--- Stored data entries ---

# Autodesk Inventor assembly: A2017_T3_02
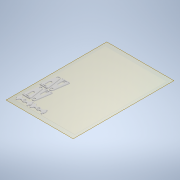
[picture p0: Inventor's stored thumbnail of the model, 180x180]
Saved by Autodesk Inventor 2020 (Build 240168000, 168)
## iProperties
Created: 2021-08-27
Part Number: A2017_T3_02
Document SubType Name: Assembly
Designer: Masato
Author: Masato
## Documents named in this file (4)
- C:\Users\naoki\Documents\Inventor\CitBrains\git_clone\OpenPlatform4_1\jig検証\OpenPlatform_ver3_0\cam\A2017_T3_02.iam
- C:\Users\naoki\Documents\Inventor\CitBrains\git_clone\OpenPlatform4_1\コックピット\OpenPlatform_ver3_0\cam\Disposable_Board.ipt
- C:\Users\naoki\Documents\Inventor\CitBrains\git_clone\OpenPlatform4_1\コックピット\OpenPlatform_ver3_0\LowerBody\Ankle\Ankle_front_frame.ipt
- C:\Users\naoki\Documents\Inventor\CitBrains\git_clone\OpenPlatform4_1\jig検証\OpenPlatform_ver3_0\LowerBody\Leg_joit\Leg_joint_slider_frame.ipt
## Components (7 placed, 3 different names)
1. Disposable_Board:1 — メイト:2, メイト:1, フラッシュ:1, フラッシュ:2, メイト:4, フラッシュ:3, フラッシュ:4, メイト:5, メイト:6, フラッシュ:5
2. Ankle_front_frame:1 — メイト:4, フラッシュ:3, フラッシュ:4, メイト:8
3. Ankle_front_frame:2
4. Leg_joint_slider_frame:1 — メイト:5, メイト:7, 正接:1, フラッシュ:5, メイト:8
5. Leg_joint_slider_frame:2 — メイト:6, メイト:7, 正接:1
6. Leg_joint_slider_frame:3
7. Leg_joint_slider_frame:4
## Component patterns: (2 elements, first: Ankle_front_frame:1), (2 elements, first: Leg_joint_slider_frame:1 + Leg_joint_slider_frame:2)
## Relationships (13: Mate 7, Flush 5, Tangent 1)
- メイト:2 [Mate]: Disposable_Board:1
- メイト:1 [Mate]: Disposable_Board:1
- フラッシュ:1 [Flush]: Disposable_Board:1
- フラッシュ:2 [Flush]: Disposable_Board:1
- メイト:4 [Mate]: Disposable_Board:1 ↔ Ankle_front_frame:1
- フラッシュ:3 [Flush] (2 mm): Disposable_Board:1 ↔ Ankle_front_frame:1
- フラッシュ:4 [Flush] (2 mm): Disposable_Board:1 ↔ Ankle_front_frame:1
- メイト:5 [Mate]: Disposable_Board:1 ↔ Leg_joint_slider_frame:1
- メイト:6 [Mate]: Disposable_Board:1 ↔ Leg_joint_slider_frame:2
- メイト:7 [Mate] (2.5 mm): Leg_joint_slider_frame:1 ↔ Leg_joint_slider_frame:2
- 正接:1 [Tangent]: Leg_joint_slider_frame:1 ↔ Leg_joint_slider_frame:2
- フラッシュ:5 [Flush] (2 mm): Disposable_Board:1 ↔ Leg_joint_slider_frame:1
- メイト:8 [Mate] (4 mm): Ankle_front_frame:1 ↔ Leg_joint_slider_frame:1
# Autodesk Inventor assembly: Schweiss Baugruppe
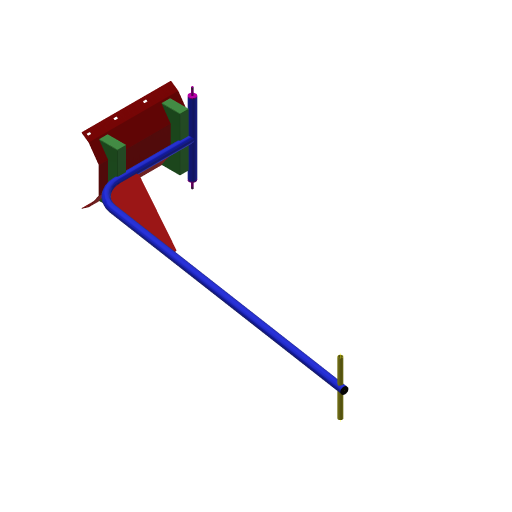
[picture p0: Inventor's stored thumbnail of the model, 512x512]
Saved by Autodesk Inventor 2023.2 (Build 272271000, 271)
## iProperties
Created: 2023-02-05
Part Number: Schweiss Baugruppe
Material: Generisch
Document SubType Name: Weldment
Designer: Raoul Messerli
Weld Material: Welded Aluminum-6061
Author: Raoul Messerli
## Documents named in this file (9)
- E:\GitHub\Pflanzenwagen\40_Realisieren\20_Inventor\40_Baugruppen\Schweiss Baugruppe.iam
- E:\GitHub\Pflanzenwagen\40_Realisieren\20_Inventor\30_Fertigungsteile\Blech1.ipt
- E:\GitHub\Pflanzenwagen\40_Realisieren\20_Inventor\30_Fertigungsteile\Halteblech.ipt
- E:\GitHub\Pflanzenwagen\40_Realisieren\20_Inventor\30_Fertigungsteile\Hebel.ipt
- E:\GitHub\Pflanzenwagen\40_Realisieren\20_Inventor\30_Fertigungsteile\Achse.ipt
- E:\GitHub\Pflanzenwagen\40_Realisieren\20_Inventor\30_Fertigungsteile\Rad Aufnahme.ipt
- E:\GitHub\Pflanzenwagen\40_Realisieren\20_Inventor\30_Fertigungsteile\Deckel.ipt
- E:\GitHub\Pflanzenwagen\40_Realisieren\20_Inventor\30_Fertigungsteile\Griff.ipt
- E:\GitHub\Pflanzenwagen\40_Realisieren\20_Inventor\30_Fertigungsteile\Keil.ipt
## Components (10 placed, 8 different names)
1. Blech1:1 — Fluchtend:1, Passend:1, Passend:2, Passend:3, Passend:4, Fluchtend:2, Fluchtend:3
2. Halteblech:1 — Passend:4, Passend:5, Fluchtend:3, Tangential:1
3. Halteblech:2 — Passend:3, Passend:6, Fluchtend:2, Passend:7
4. Hebel:1 — Passend:7, Fluchtend:4, Passend:8, Passend:13, Passend:14, Passend:15, Tangential:2, Tangential:3
5. Achse:2 — Passend:8, Fluchtend:5, Tangential:1, Passend:9, Passend:10, Passend:11, Passend:12
6. Rad Aufnahme:1 — Passend:9, Passend:10
7. Rad Aufnahme:2 — Passend:11, Passend:12
8. Deckel:1 — Passend:13, Passend:14
9. Griff:1 — Passend:15, Fluchtend:6
10. Keil:1 — Passend:16, Tangential:2, Tangential:3
## Relationships (25: Mate 16, Flush 6, Tangent 3)
- Fluchtend:1 [Flush]: Blech1:1
- Passend:1 [Mate]: Blech1:1
- Passend:2 [Mate]: Blech1:1
- Passend:3 [Mate]: Blech1:1 ↔ Halteblech:2
- Passend:4 [Mate]: Blech1:1 ↔ Halteblech:1
- Passend:5 [Mate]: Halteblech:1
- Passend:6 [Mate]: Halteblech:2
- Fluchtend:2 [Flush] (100 mm): Blech1:1 ↔ Halteblech:2
- Fluchtend:3 [Flush] (800 mm): Blech1:1 ↔ Halteblech:1
- Passend:7 [Mate]: Halteblech:2 ↔ Hebel:1
- Fluchtend:4 [Flush]: Hebel:1
- Passend:8 [Mate]: Hebel:1 ↔ Achse:2
- Fluchtend:5 [Flush] (400 mm): Achse:2
- Tangential:1: Halteblech:1 ↔ Achse:2
- Passend:9 [Mate]: Achse:2 ↔ Rad Aufnahme:1
- Passend:10 [Mate]: Achse:2 ↔ Rad Aufnahme:1
- Passend:11 [Mate]: Achse:2 ↔ Rad Aufnahme:2
- Passend:12 [Mate]: Achse:2 ↔ Rad Aufnahme:2
- Passend:13 [Mate]: Hebel:1 ↔ Deckel:1
- Passend:14 [Mate]: Hebel:1 ↔ Deckel:1
- Passend:15 [Mate]: Hebel:1 ↔ Griff:1
- Fluchtend:6 [Flush]: Griff:1
- Passend:16 [Mate]: Keil:1
- Tangential:2: Hebel:1 ↔ Keil:1
- Tangential:3: Hebel:1 ↔ Keil:1
## Named parameters: sa_0 = 250000
note: some values were not read from the file. Shown as the stored number, unit unknown: "sa_0".

--- EXERCISE BRIEF ---
Every line of the data above should be quoted exactly. Omit the pictures.

--- THE ANSWER ---
# Autodesk Inventor assembly: A2017_T3_02
[picture p0: Inventor's stored thumbnail of the model, 180x180]
Saved by Autodesk Inventor 2020 (Build 240168000, 168)
## iProperties
Created: 2021-08-27
Part Number: A2017_T3_02
Document SubType Name: Assembly
Designer: Masato
Author: Masato
## Documents named in this file (4)
- C:\Users\naoki\Documents\Inventor\CitBrains\git_clone\OpenPlatform4_1\jig検証\OpenPlatform_ver3_0\cam\A2017_T3_02.iam
- C:\Users\naoki\Documents\Inventor\CitBrains\git_clone\OpenPlatform4_1\コックピット\OpenPlatform_ver3_0\cam\Disposable_Board.ipt
- C:\Users\naoki\Documents\Inventor\CitBrains\git_clone\OpenPlatform4_1\コックピット\OpenPlatform_ver3_0\LowerBody\Ankle\Ankle_front_frame.ipt
- C:\Users\naoki\Documents\Inventor\CitBrains\git_clone\OpenPlatform4_1\jig検証\OpenPlatform_ver3_0\LowerBody\Leg_joit\Leg_joint_slider_frame.ipt
## Components (7 placed, 3 different names)
1. Disposable_Board:1 — メイト:2, メイト:1, フラッシュ:1, フラッシュ:2, メイト:4, フラッシュ:3, フラッシュ:4, メイト:5, メイト:6, フラッシュ:5
2. Ankle_front_frame:1 — メイト:4, フラッシュ:3, フラッシュ:4, メイト:8
3. Ankle_front_frame:2
4. Leg_joint_slider_frame:1 — メイト:5, メイト:7, 正接:1, フラッシュ:5, メイト:8
5. Leg_joint_slider_frame:2 — メイト:6, メイト:7, 正接:1
6. Leg_joint_slider_frame:3
7. Leg_joint_slider_frame:4
## Component patterns: (2 elements, first: Ankle_front_frame:1), (2 elements, first: Leg_joint_slider_frame:1 + Leg_joint_slider_frame:2)
## Relationships (13: Mate 7, Flush 5, Tangent 1)
- メイト:2 [Mate]: Disposable_Board:1
- メイト:1 [Mate]: Disposable_Board:1
- フラッシュ:1 [Flush]: Disposable_Board:1
- フラッシュ:2 [Flush]: Disposable_Board:1
- メイト:4 [Mate]: Disposable_Board:1 ↔ Ankle_front_frame:1
- フラッシュ:3 [Flush] (2 mm): Disposable_Board:1 ↔ Ankle_front_frame:1
- フラッシュ:4 [Flush] (2 mm): Disposable_Board:1 ↔ Ankle_front_frame:1
- メイト:5 [Mate]: Disposable_Board:1 ↔ Leg_joint_slider_frame:1
- メイト:6 [Mate]: Disposable_Board:1 ↔ Leg_joint_slider_frame:2
- メイト:7 [Mate] (2.5 mm): Leg_joint_slider_frame:1 ↔ Leg_joint_slider_frame:2
- 正接:1 [Tangent]: Leg_joint_slider_frame:1 ↔ Leg_joint_slider_frame:2
- フラッシュ:5 [Flush] (2 mm): Disposable_Board:1 ↔ Leg_joint_slider_frame:1
- メイト:8 [Mate] (4 mm): Ankle_front_frame:1 ↔ Leg_joint_slider_frame:1
# Autodesk Inventor assembly: Schweiss Baugruppe
[picture p0: Inventor's stored thumbnail of the model, 512x512]
Saved by Autodesk Inventor 2023.2 (Build 272271000, 271)
## iProperties
Created: 2023-02-05
Part Number: Schweiss Baugruppe
Material: Generisch
Document SubType Name: Weldment
Designer: Raoul Messerli
Weld Material: Welded Aluminum-6061
Author: Raoul Messerli
## Documents named in this file (9)
- E:\GitHub\Pflanzenwagen\40_Realisieren\20_Inventor\40_Baugruppen\Schweiss Baugruppe.iam
- E:\GitHub\Pflanzenwagen\40_Realisieren\20_Inventor\30_Fertigungsteile\Blech1.ipt
- E:\GitHub\Pflanzenwagen\40_Realisieren\20_Inventor\30_Fertigungsteile\Halteblech.ipt
- E:\GitHub\Pflanzenwagen\40_Realisieren\20_Inventor\30_Fertigungsteile\Hebel.ipt
- E:\GitHub\Pflanzenwagen\40_Realisieren\20_Inventor\30_Fertigungsteile\Achse.ipt
- E:\GitHub\Pflanzenwagen\40_Realisieren\20_Inventor\30_Fertigungsteile\Rad Aufnahme.ipt
- E:\GitHub\Pflanzenwagen\40_Realisieren\20_Inventor\30_Fertigungsteile\Deckel.ipt
- E:\GitHub\Pflanzenwagen\40_Realisieren\20_Inventor\30_Fertigungsteile\Griff.ipt
- E:\GitHub\Pflanzenwagen\40_Realisieren\20_Inventor\30_Fertigungsteile\Keil.ipt
## Components (10 placed, 8 different names)
1. Blech1:1 — Fluchtend:1, Passend:1, Passend:2, Passend:3, Passend:4, Fluchtend:2, Fluchtend:3
2. Halteblech:1 — Passend:4, Passend:5, Fluchtend:3, Tangential:1
3. Halteblech:2 — Passend:3, Passend:6, Fluchtend:2, Passend:7
4. Hebel:1 — Passend:7, Fluchtend:4, Passend:8, Passend:13, Passend:14, Passend:15, Tangential:2, Tangential:3
5. Achse:2 — Passend:8, Fluchtend:5, Tangential:1, Passend:9, Passend:10, Passend:11, Passend:12
6. Rad Aufnahme:1 — Passend:9, Passend:10
7. Rad Aufnahme:2 — Passend:11, Passend:12
8. Deckel:1 — Passend:13, Passend:14
9. Griff:1 — Passend:15, Fluchtend:6
10. Keil:1 — Passend:16, Tangential:2, Tangential:3
## Relationships (25: Mate 16, Flush 6, Tangent 3)
- Fluchtend:1 [Flush]: Blech1:1
- Passend:1 [Mate]: Blech1:1
- Passend:2 [Mate]: Blech1:1
- Passend:3 [Mate]: Blech1:1 ↔ Halteblech:2
- Passend:4 [Mate]: Blech1:1 ↔ Halteblech:1
- Passend:5 [Mate]: Halteblech:1
- Passend:6 [Mate]: Halteblech:2
- Fluchtend:2 [Flush] (100 mm): Blech1:1 ↔ Halteblech:2
- Fluchtend:3 [Flush] (800 mm): Blech1:1 ↔ Halteblech:1
- Passend:7 [Mate]: Halteblech:2 ↔ Hebel:1
- Fluchtend:4 [Flush]: Hebel:1
- Passend:8 [Mate]: Hebel:1 ↔ Achse:2
- Fluchtend:5 [Flush] (400 mm): Achse:2
- Tangential:1: Halteblech:1 ↔ Achse:2
- Passend:9 [Mate]: Achse:2 ↔ Rad Aufnahme:1
- Passend:10 [Mate]: Achse:2 ↔ Rad Aufnahme:1
- Passend:11 [Mate]: Achse:2 ↔ Rad Aufnahme:2
- Passend:12 [Mate]: Achse:2 ↔ Rad Aufnahme:2
- Passend:13 [Mate]: Hebel:1 ↔ Deckel:1
- Passend:14 [Mate]: Hebel:1 ↔ Deckel:1
- Passend:15 [Mate]: Hebel:1 ↔ Griff:1
- Fluchtend:6 [Flush]: Griff:1
- Passend:16 [Mate]: Keil:1
- Tangential:2: Hebel:1 ↔ Keil:1
- Tangential:3: Hebel:1 ↔ Keil:1
## Named parameters: sa_0 = 250000
note: some values were not read from the file. Shown as the stored number, unit unknown: "sa_0".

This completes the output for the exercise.